Между тем обстановка в городе накалялась. Не хватало хлеба.
143
Псковские летописи. Т. 2. С. 214.
Под руку великого государя перешло несколько тысяч обеж (крестьянских участков), принадлежавших владыке и шести крупнейшим новгородским монастырям. Впервые со времен учреждения Русской церкви великокняжеская власть пошла на конфискацию церковного имущества, считавшегося неприкосновенным по правилам вселенских соборов, подтвержденным на Руси уставами Владимира Святого и Ярослава Мудрого. В интересах Русского государства Иван Васильевич нарушил традицию. Это был решительный, принципиальный шаг, имевший далеко идущие последствия. Бояре же ценой уступки монастырских и владычных земель сохранили свои вотчины.
Четверг, 15 января 1478 года, стал последним днем феодальной республики. Вече уже не собиралось. В город въехали московские бояре и дьяки. Во всех пяти новгородских концах целовали крест новгородцы, «и жены боярские, вдовы, люди боярские, старейшие люди и молодшие, от мала до велика».
Боярская республика пала, но за этим не последовало ни казней заложников, ни демонстративного унижения жителей, ни нарочитых грабежей и насилия над ними. Великий князь «града же пленити не повелел» – с новгородскими подданными, вчерашними врагами, запрещено было обращаться как с пленными [144] .
144
ПСРЛ. Пг., 1921. Т. 24. С. 196.
Такое случалось в Средние века не часто. В ноябре 1467 года Карл Смелый, герцог Бургундский и могущественный соперник Людовика XI Французского, совсем иначе распорядился судьбой города Льежа, капитулировавшего перед ним. «К герцогу пришли 300 наиболее влиятельных горожан, в одних рубашках, босые, с непокрытыми головами, и принесли ключ от города, сдаваясь на его милость и ничего не требуя, кроме как избавления их от грабежей и пожарищ», – пишет современник. Герцог казнил взятых ранее заложников, казнил «городского гонца, которого сильно ненавидел», приказал снести городские башни и стены, отнял у горожан оружие и обложил их большим денежным побором. Через разрушенную стену, через засыпанный городской ров Карл как триумфатор вступил в поверженный, униженный город [145] .
145
Коммин Ф., де. Мемуары. С. 58–59.
Разное поведение неистового Карла и хладнокровного Ивана Васильевича по отношению к побежденным горожанам объясняется не только чертами характера. Честолюбивый глава разношерстного и разноязычного конгломерата французских и имперских земель был до мозга костей средневековым государем. Он мечтал прежде всего о личной славе и власти. Неустрашимый в бою, суровый и нетерпимый к своим подданным, он выпрашивал королевскую корону у императора Фридриха III. Корона, а не страна владела его мечтами. Его русский современник был деятелем совсем другого масштаба. Он видел себя законным, наследственным государем всей Русской земли, и именно этим в первую очередь объясняется его политика в побежденном Новгороде.

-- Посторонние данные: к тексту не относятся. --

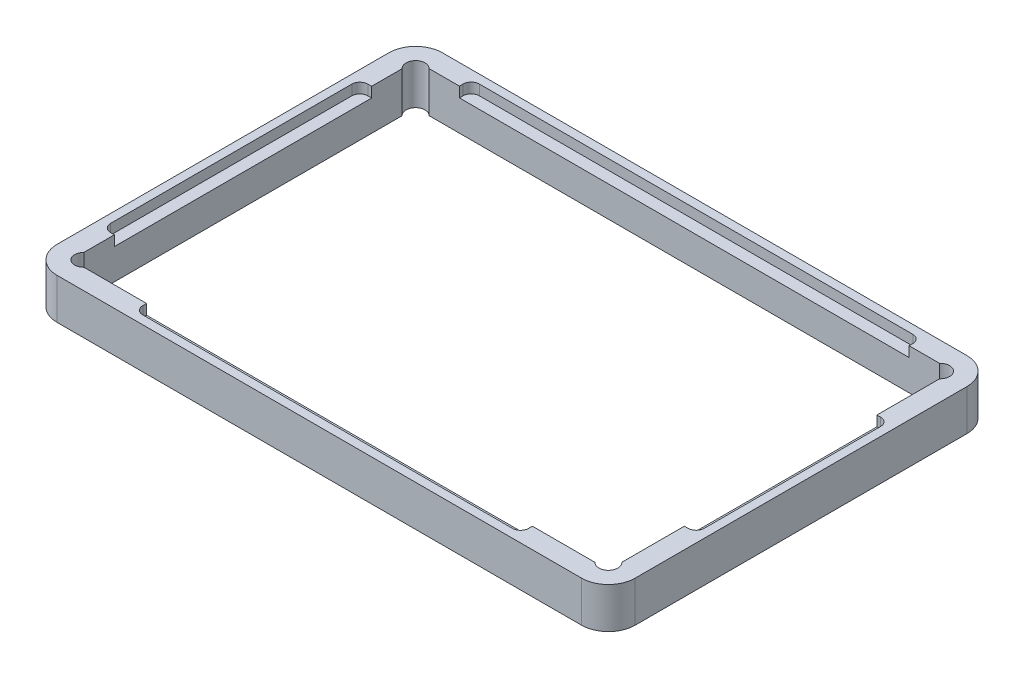
SolidWorks part; units mm, degrees
ref_plane "Front" through (0, 0, 0) normal (0, 0, 1) x (1, 0, 0)
ref_plane "Top" through (0, 0, 0) normal (0, 1, 0) x (1, 0, 0)
ref_plane "Right" through (0, 0, 0) normal (1, 0, 0) x (0, 0, -1)
sketch "Sketch1" plane through (0, 0, 0) normal (0, 1, 0) x (1, 0, 0)
  line L0 (-45, 0) -> (45, 0) construction
  line L1 (-45, 30) -> (45, 30) construction
  line L2 (-45, 30) -> (-45, -30) construction
  line L3 (-45, -30) -> (45, -30) construction
  line L4 (45, 30) -> (45, -30) construction
  line L5 (0, -30) -> (0, 30) construction
  line L6 (41.825, 26.825) -> (41.825, -26.825) construction
  line L7 (-41.825, -26.825) -> (41.825, -26.825) construction
  line L8 (-41.825, 26.825) -> (-41.825, -26.825) construction
  line L9 (-41.825, 26.825) -> (41.825, 26.825) construction
  line L10 (40.825, 25.825) -> (40.825, -25.825) construction
  line L11 (-40.825, -25.825) -> (40.825, -25.825) construction
  line L12 (-40.825, 25.825) -> (-40.825, -25.825) construction
  line L13 (-40.825, 25.825) -> (40.825, 25.825) construction
  line L14 (40.825, 21.65) -> (45, 21.65) construction
  line L15 (40.825, -21.65) -> (45, -21.65) construction
  line L16 (36.65, -25.825) -> (36.65, -30) construction
  line L17 (-36.65, -25.825) -> (-36.65, -30) construction
  line L18 (-40.825, -21.65) -> (-45, -21.65) construction
  line L19 (-36.65, 25.825) -> (-36.65, 30) construction
  line L20 (-40.825, 21.65) -> (-45, 21.65) construction
  line L21 (36.65, 25.825) -> (36.65, 30) construction
  line L22 (40.825, -25.825) -> (41.825, -25.825) construction
  circle A0 centre (-40.825, -25.825) radius 1 construction
  circle A1 centre (40.825, -25.825) radius 1 construction
  circle A2 centre (40.825, 25.825) radius 1 construction
  circle A3 centre (-40.825, 25.825) radius 1 construction
  circle A4 centre (40.825, -25.825) radius 4.175 construction
  circle A5 centre (40.825, 25.825) radius 4.175 construction
  circle A6 centre (-40.825, 25.825) radius 4.175 construction
  circle A7 centre (-40.825, -25.825) radius 4.175 construction
  dimension "D1" = 90
  dimension "D2" = 60
  dimension "D4" = 1
  dimension "D3" = 3.175
sketch "Sketch2" plane through (0, 0, 0) normal (0, 1, 0) x (1, 0, 0)
  line L0 (-45, 30) -> (-45, -30) construction
  line L1 (-45, -30) -> (45, -30) construction
  line L2 (45, 30) -> (45, -30) construction
  line L3 (-45, 30) -> (45, 30) construction
  line L12 (-41.825, -25.825) -> (-41.825, 25.825)
  line L13 (-40.825, 26.825) -> (40.825, 26.825)
  line L14 (41.825, 25.825) -> (41.825, -25.825)
  line L15 (40.825, -26.825) -> (-40.825, -26.825)
  line L16 (-45, 25.825) -> (-45, -25.825)
  line L17 (-40.825, -30) -> (40.825, -30)
  line L18 (45, 25.825) -> (45, -25.825)
  line L19 (-40.825, 30) -> (40.825, 30)
  circle A0 centre (40.825, 25.825) radius 4.175 construction
  circle A1 centre (40.825, 25.825) radius 1 construction
  circle A2 centre (-40.825, 25.825) radius 4.175 construction
  circle A3 centre (-40.825, 25.825) radius 1 construction
  arc A6 (45, 25.825) -> (40.825, 30) centre (40.825, 25.825) ccw
  arc A7 (41.825, 25.825) -> (40.825, 26.825) centre (40.825, 25.825) ccw
  arc A8 (-40.825, 30) -> (-45, 25.825) centre (-40.825, 25.825) ccw
  arc A9 (-40.825, 26.825) -> (-41.825, 25.825) centre (-40.825, 25.825) ccw
  circle A12 centre (-40.825, -25.825) radius 1 construction
  circle A13 centre (40.825, -25.825) radius 1 construction
  arc A14 (-41.825, -25.825) -> (-40.825, -26.825) centre (-40.825, -25.825) ccw
  arc A15 (40.825, -26.825) -> (41.825, -25.825) centre (40.825, -25.825) ccw
  arc A17 (-45, -25.825) -> (-40.825, -30) centre (-40.825, -25.825) ccw
  arc A18 (40.825, -30) -> (45, -25.825) centre (40.825, -25.825) ccw
extrude "Boss-Extrude3" add sketch "Sketch2" along normal blind 6.35
sketch "Sketch5" plane through (0, 0, 0) normal (0, -1, 0) x (1, 0, 0)
  circle A0 centre (-40.825, 25.825) radius 1.4224 construction
  circle A1 centre (-40.825, 25.825) radius 1.4224
  circle A2 centre (40.825, 25.8149) radius 1.4732 construction
  circle A3 centre (40.825, -25.825) radius 1.4732 construction
  circle A4 centre (-40.825, -25.8136) radius 1.4732 construction
  circle A5 centre (40.825, 25.8149) radius 1.4732
  circle A6 centre (40.825, -25.825) radius 1.4732
  circle A7 centre (-40.825, -25.8136) radius 1.4732
extrude "Cut-Extrude2" cut sketch "Sketch5" against normal through all
sketch "Sketch7" plane through (0, 6.35, 0) normal (0, 1, 0) x (1, 0, 0)
  line L0 (-33.7539, 28.4074) -> (33.7432, 28.4074) construction
  line L1 (34.7432, 26.0649) -> (34.7432, 27.4074) construction
  line L2 (-34.7539, 26.0649) -> (34.7432, 26.0649) construction
  line L3 (-34.7539, 27.4074) -> (-34.7539, 26.0649) construction
  line L4 (-41.075, 19.7216) -> (-42.4125, 19.7216) construction
  line L5 (-41.075, 19.7216) -> (-41.075, -19.8236) construction
  line L6 (-41.075, -19.8236) -> (-42.4125, -19.8236) construction
  line L7 (-43.4125, -18.8236) -> (-43.4125, 18.7216) construction
  line L8 (41.075, 14.7331) -> (42.4125, 14.7331) construction
  line L9 (43.4125, 13.7331) -> (43.4125, -13.7432) construction
  line L10 (42.4125, -14.7432) -> (41.075, -14.7432) construction
  line L11 (41.075, -14.7432) -> (41.075, 14.7331) construction
  line L13 (29.7526, -26.0851) -> (-29.8135, -26.0851) construction
  line L14 (-29.8135, -26.0851) -> (-29.8135, -27.4176) construction
  line L15 (-28.8135, -28.4176) -> (28.7526, -28.4176) construction
  line L16 (29.7526, -26.0851) -> (29.7526, -27.4176) construction
  line L18 (-41.075, -0.051) -> (41.075, -0.0051) construction
  line L19 (-0.0053, 26.0649) -> (-0.0304, -26.0851) construction
  line L20 (-35.0039, 27.4074) -> (-35.0039, 25.8149)
  line L21 (-35.0039, 25.8149) -> (34.9932, 25.8149)
  line L22 (34.9932, 25.8149) -> (34.9932, 27.4074)
  line L23 (-33.7539, 28.6574) -> (33.7432, 28.6574)
  line L24 (-43.6625, -18.8236) -> (-43.6625, 18.7216)
  line L25 (-40.825, -20.0736) -> (-42.4125, -20.0736)
  line L26 (-40.825, 19.9716) -> (-40.825, -20.0736)
  line L27 (-40.825, 19.9716) -> (-42.4125, 19.9716)
  line L28 (40.825, 14.9831) -> (42.4125, 14.9831)
  line L29 (43.6625, 13.7331) -> (43.6625, -13.7432)
  line L30 (42.4125, -14.9932) -> (40.825, -14.9932)
  line L31 (40.825, -14.9932) -> (40.825, 14.9831)
  line L32 (-28.8135, -28.6676) -> (28.7526, -28.6676)
  line L33 (-30.0635, -25.8351) -> (-30.0635, -27.4176)
  line L34 (30.0026, -25.8351) -> (-30.0635, -25.8351)
  line L35 (30.0026, -25.8351) -> (30.0026, -27.4176)
  arc A0 (33.7432, 28.4074) -> (34.7432, 27.4074) centre (33.7432, 27.4074) cw construction
  arc A1 (-33.7539, 28.4074) -> (-34.7539, 27.4074) centre (-33.7539, 27.4074) ccw construction
  arc A2 (-42.4125, 19.7216) -> (-43.4125, 18.7216) centre (-42.4125, 18.7216) ccw construction
  arc A3 (-42.4125, -19.8236) -> (-43.4125, -18.8236) centre (-42.4125, -18.8236) cw construction
  arc A4 (-29.8135, -27.4176) -> (-28.8135, -28.4176) centre (-28.8135, -27.4176) ccw construction
  arc A5 (29.7526, -27.4176) -> (28.7526, -28.4176) centre (28.7526, -27.4176) cw construction
  arc A6 (43.4125, -13.7432) -> (42.4125, -14.7432) centre (42.4125, -13.7432) cw construction
  arc A7 (42.4125, 14.7331) -> (43.4125, 13.7331) centre (42.4125, 13.7331) cw construction
  arc A8 (33.7432, 28.6574) -> (34.9932, 27.4074) centre (33.7432, 27.4074) cw
  arc A9 (-33.7539, 28.6574) -> (-35.0039, 27.4074) centre (-33.7539, 27.4074) ccw
  arc A10 (-42.4125, 19.9716) -> (-43.6625, 18.7216) centre (-42.4125, 18.7216) ccw
  arc A11 (-42.4125, -20.0736) -> (-43.6625, -18.8236) centre (-42.4125, -18.8236) cw
  arc A12 (42.4125, 14.9831) -> (43.6625, 13.7331) centre (42.4125, 13.7331) cw
  arc A13 (43.6625, -13.7432) -> (42.4125, -14.9932) centre (42.4125, -13.7432) cw
  arc A14 (30.0026, -27.4176) -> (28.7526, -28.6676) centre (28.7526, -27.4176) cw
  arc A15 (-30.0635, -27.4176) -> (-28.8135, -28.6676) centre (-28.8135, -27.4176) ccw
  dimension "D3" = 1
  dimension "D5" = 52.15
  dimension "D10" = 1
  dimension "D11" = 1
  dimension "D14" = 1
  dimension "D1" = 67.4971
  dimension "D2" = 69.4971
  dimension "D4" = 1.3426
  dimension "D6" = 82.15
  dimension "D7" = 37.5452
  dimension "D8" = 39.5452
  dimension "D9" = 1.3375
  dimension "D12" = 59.5661
  dimension "D13" = 57.5661
  dimension "D15" = 27.4763
  dimension "D16" = 29.4763
  dimension "D17" = 0.25
extrude "Cut-Extrude3" cut sketch "Sketch7" against normal blind 1.5875 contours L7 A2 L4 L5 L6 A3 | A1 L3 L2 L1 A0 L0 | L8 A7 L9 A6 L10 L11 | A5 L15 A4 L14 L13 L16 | L23 A8 L22 L21 L20 A9 | L31 L28 A12 L29 A13 L30 | L35 A14 L32 A15 L33 L34 | L26 L25 A11 L24 A10 L27

Боярская республика пала, но остался Великий Новгород – крупнейший политический, торговый, культурный центр Русской
Началась перестройка всей системы управления Новгородской землей. Четыре наместника, назначенных великим князем, должны были теперь «всяки… дела судебны и земские правити по великого князя пошлинам и старинам». А владыке новгородскому предписывалось «опричь своего святительского суда… не вступатися ни во что же». Уничтожалась не только боярская олигархия – ликвидировалась политическая власть архиепископа, характерная черта вечевого строя Новгорода.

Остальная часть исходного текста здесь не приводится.